_What to work on_
A complete and exact copy of the entries below is the expected result.
■ ■ ■
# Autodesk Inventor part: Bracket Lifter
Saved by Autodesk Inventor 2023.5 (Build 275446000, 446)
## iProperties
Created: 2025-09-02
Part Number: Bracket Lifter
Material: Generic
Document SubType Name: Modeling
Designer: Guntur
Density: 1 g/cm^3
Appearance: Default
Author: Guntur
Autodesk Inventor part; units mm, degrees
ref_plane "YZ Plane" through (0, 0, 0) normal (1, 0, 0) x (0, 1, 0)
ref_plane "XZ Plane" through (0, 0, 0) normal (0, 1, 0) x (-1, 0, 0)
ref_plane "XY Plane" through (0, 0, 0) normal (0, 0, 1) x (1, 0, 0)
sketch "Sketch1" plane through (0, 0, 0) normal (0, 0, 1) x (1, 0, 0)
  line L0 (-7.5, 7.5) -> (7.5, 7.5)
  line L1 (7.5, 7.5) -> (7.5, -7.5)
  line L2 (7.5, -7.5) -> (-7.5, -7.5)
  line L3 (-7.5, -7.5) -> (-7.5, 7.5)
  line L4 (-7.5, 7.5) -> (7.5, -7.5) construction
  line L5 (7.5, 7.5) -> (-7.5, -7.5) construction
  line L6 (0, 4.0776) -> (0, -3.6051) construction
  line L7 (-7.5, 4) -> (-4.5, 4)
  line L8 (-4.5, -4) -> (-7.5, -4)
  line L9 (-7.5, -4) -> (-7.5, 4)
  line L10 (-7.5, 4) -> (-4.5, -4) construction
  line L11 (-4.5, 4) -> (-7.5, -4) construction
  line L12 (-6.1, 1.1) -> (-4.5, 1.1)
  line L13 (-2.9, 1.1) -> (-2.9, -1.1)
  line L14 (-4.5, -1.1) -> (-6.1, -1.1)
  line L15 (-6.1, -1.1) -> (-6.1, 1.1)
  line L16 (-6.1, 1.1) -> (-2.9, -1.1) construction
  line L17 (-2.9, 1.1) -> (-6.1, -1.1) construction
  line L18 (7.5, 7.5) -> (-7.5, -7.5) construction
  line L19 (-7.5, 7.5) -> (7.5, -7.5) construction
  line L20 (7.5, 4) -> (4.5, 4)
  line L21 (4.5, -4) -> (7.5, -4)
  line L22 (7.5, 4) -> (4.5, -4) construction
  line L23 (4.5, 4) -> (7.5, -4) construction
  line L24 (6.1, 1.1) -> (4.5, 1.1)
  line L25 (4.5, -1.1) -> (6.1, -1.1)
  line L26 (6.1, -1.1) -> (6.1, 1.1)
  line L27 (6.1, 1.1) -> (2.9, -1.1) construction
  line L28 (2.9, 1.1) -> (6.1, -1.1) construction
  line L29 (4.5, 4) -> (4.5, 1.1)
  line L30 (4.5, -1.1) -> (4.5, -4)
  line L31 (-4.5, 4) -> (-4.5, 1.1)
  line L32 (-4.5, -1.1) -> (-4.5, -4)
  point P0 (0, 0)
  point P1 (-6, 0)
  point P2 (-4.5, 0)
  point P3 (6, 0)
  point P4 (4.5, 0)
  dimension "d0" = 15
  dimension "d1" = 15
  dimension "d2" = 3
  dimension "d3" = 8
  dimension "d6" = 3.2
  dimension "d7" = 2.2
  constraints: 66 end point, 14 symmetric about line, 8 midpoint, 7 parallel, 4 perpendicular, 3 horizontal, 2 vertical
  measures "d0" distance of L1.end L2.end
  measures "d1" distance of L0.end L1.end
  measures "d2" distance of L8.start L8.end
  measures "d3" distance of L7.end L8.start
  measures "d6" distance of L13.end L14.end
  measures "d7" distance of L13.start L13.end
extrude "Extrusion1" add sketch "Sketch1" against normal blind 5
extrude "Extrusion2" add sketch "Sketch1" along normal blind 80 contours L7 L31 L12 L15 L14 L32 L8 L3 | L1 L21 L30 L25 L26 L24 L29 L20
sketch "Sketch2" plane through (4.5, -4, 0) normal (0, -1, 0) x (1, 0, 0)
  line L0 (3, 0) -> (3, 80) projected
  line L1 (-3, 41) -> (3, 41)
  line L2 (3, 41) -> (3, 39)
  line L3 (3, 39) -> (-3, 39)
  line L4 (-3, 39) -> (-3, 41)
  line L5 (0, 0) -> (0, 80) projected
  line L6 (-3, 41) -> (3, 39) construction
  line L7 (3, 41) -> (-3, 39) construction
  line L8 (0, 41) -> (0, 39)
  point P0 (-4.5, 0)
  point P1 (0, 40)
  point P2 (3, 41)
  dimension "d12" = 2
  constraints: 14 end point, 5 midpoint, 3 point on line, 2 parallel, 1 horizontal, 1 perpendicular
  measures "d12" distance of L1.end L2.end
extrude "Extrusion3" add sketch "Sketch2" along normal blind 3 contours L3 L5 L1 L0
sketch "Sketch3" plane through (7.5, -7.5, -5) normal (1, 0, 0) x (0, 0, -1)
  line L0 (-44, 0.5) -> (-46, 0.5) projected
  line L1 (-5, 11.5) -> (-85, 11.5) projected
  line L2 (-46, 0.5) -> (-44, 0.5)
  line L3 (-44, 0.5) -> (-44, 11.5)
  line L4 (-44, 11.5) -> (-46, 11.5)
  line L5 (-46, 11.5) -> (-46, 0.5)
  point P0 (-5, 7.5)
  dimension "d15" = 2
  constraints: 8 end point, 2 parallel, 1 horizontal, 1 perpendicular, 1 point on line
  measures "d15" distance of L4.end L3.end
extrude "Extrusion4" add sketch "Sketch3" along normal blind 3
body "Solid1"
■ ■ ■
_Reply to the exercise_
# Autodesk Inventor part: Bracket Lifter
Saved by Autodesk Inventor 2023.5 (Build 275446000, 446)
## iProperties
Created: 2025-09-02
Part Number: Bracket Lifter
Material: Generic
Document SubType Name: Modeling
Designer: Guntur
Density: 1 g/cm^3
Appearance: Default
Author: Guntur
Autodesk Inventor part; units mm, degrees
ref_plane "YZ Plane" through (0, 0, 0) normal (1, 0, 0) x (0, 1, 0)
ref_plane "XZ Plane" through (0, 0, 0) normal (0, 1, 0) x (-1, 0, 0)
ref_plane "XY Plane" through (0, 0, 0) normal (0, 0, 1) x (1, 0, 0)
sketch "Sketch1" plane through (0, 0, 0) normal (0, 0, 1) x (1, 0, 0)
  line L0 (-7.5, 7.5) -> (7.5, 7.5)
  line L1 (7.5, 7.5) -> (7.5, -7.5)
  line L2 (7.5, -7.5) -> (-7.5, -7.5)
  line L3 (-7.5, -7.5) -> (-7.5, 7.5)
  line L4 (-7.5, 7.5) -> (7.5, -7.5) construction
  line L5 (7.5, 7.5) -> (-7.5, -7.5) construction
  line L6 (0, 4.0776) -> (0, -3.6051) construction
  line L7 (-7.5, 4) -> (-4.5, 4)
  line L8 (-4.5, -4) -> (-7.5, -4)
  line L9 (-7.5, -4) -> (-7.5, 4)
  line L10 (-7.5, 4) -> (-4.5, -4) construction
  line L11 (-4.5, 4) -> (-7.5, -4) construction
  line L12 (-6.1, 1.1) -> (-4.5, 1.1)
  line L13 (-2.9, 1.1) -> (-2.9, -1.1)
  line L14 (-4.5, -1.1) -> (-6.1, -1.1)
  line L15 (-6.1, -1.1) -> (-6.1, 1.1)
  line L16 (-6.1, 1.1) -> (-2.9, -1.1) construction
  line L17 (-2.9, 1.1) -> (-6.1, -1.1) construction
  line L18 (7.5, 7.5) -> (-7.5, -7.5) construction
  line L19 (-7.5, 7.5) -> (7.5, -7.5) construction
  line L20 (7.5, 4) -> (4.5, 4)
  line L21 (4.5, -4) -> (7.5, -4)
  line L22 (7.5, 4) -> (4.5, -4) construction
  line L23 (4.5, 4) -> (7.5, -4) construction
  line L24 (6.1, 1.1) -> (4.5, 1.1)
  line L25 (4.5, -1.1) -> (6.1, -1.1)
  line L26 (6.1, -1.1) -> (6.1, 1.1)
  line L27 (6.1, 1.1) -> (2.9, -1.1) construction
  line L28 (2.9, 1.1) -> (6.1, -1.1) construction
  line L29 (4.5, 4) -> (4.5, 1.1)
  line L30 (4.5, -1.1) -> (4.5, -4)
  line L31 (-4.5, 4) -> (-4.5, 1.1)
  line L32 (-4.5, -1.1) -> (-4.5, -4)
  point P0 (0, 0)
  point P1 (-6, 0)
  point P2 (-4.5, 0)
  point P3 (6, 0)
  point P4 (4.5, 0)
  dimension "d0" = 15
  dimension "d1" = 15
  dimension "d2" = 3
  dimension "d3" = 8
  dimension "d6" = 3.2
  dimension "d7" = 2.2
  constraints: 66 end point, 14 symmetric about line, 8 midpoint, 7 parallel, 4 perpendicular, 3 horizontal, 2 vertical
  measures "d0" distance of L1.end L2.end
  measures "d1" distance of L0.end L1.end
  measures "d2" distance of L8.start L8.end
  measures "d3" distance of L7.end L8.start
  measures "d6" distance of L13.end L14.end
  measures "d7" distance of L13.start L13.end
extrude "Extrusion1" add sketch "Sketch1" against normal blind 5
extrude "Extrusion2" add sketch "Sketch1" along normal blind 80 contours L7 L31 L12 L15 L14 L32 L8 L3 | L1 L21 L30 L25 L26 L24 L29 L20
sketch "Sketch2" plane through (4.5, -4, 0) normal (0, -1, 0) x (1, 0, 0)
  line L0 (3, 0) -> (3, 80) projected
  line L1 (-3, 41) -> (3, 41)
  line L2 (3, 41) -> (3, 39)
  line L3 (3, 39) -> (-3, 39)
  line L4 (-3, 39) -> (-3, 41)
  line L5 (0, 0) -> (0, 80) projected
  line L6 (-3, 41) -> (3, 39) construction
  line L7 (3, 41) -> (-3, 39) construction
  line L8 (0, 41) -> (0, 39)
  point P0 (-4.5, 0)
  point P1 (0, 40)
  point P2 (3, 41)
  dimension "d12" = 2
  constraints: 14 end point, 5 midpoint, 3 point on line, 2 parallel, 1 horizontal, 1 perpendicular
  measures "d12" distance of L1.end L2.end
extrude "Extrusion3" add sketch "Sketch2" along normal blind 3 contours L3 L5 L1 L0
sketch "Sketch3" plane through (7.5, -7.5, -5) normal (1, 0, 0) x (0, 0, -1)
  line L0 (-44, 0.5) -> (-46, 0.5) projected
  line L1 (-5, 11.5) -> (-85, 11.5) projected
  line L2 (-46, 0.5) -> (-44, 0.5)
  line L3 (-44, 0.5) -> (-44, 11.5)
  line L4 (-44, 11.5) -> (-46, 11.5)
  line L5 (-46, 11.5) -> (-46, 0.5)
  point P0 (-5, 7.5)
  dimension "d15" = 2
  constraints: 8 end point, 2 parallel, 1 horizontal, 1 perpendicular, 1 point on line
  measures "d15" distance of L4.end L3.end
extrude "Extrusion4" add sketch "Sketch3" along normal blind 3
body "Solid1"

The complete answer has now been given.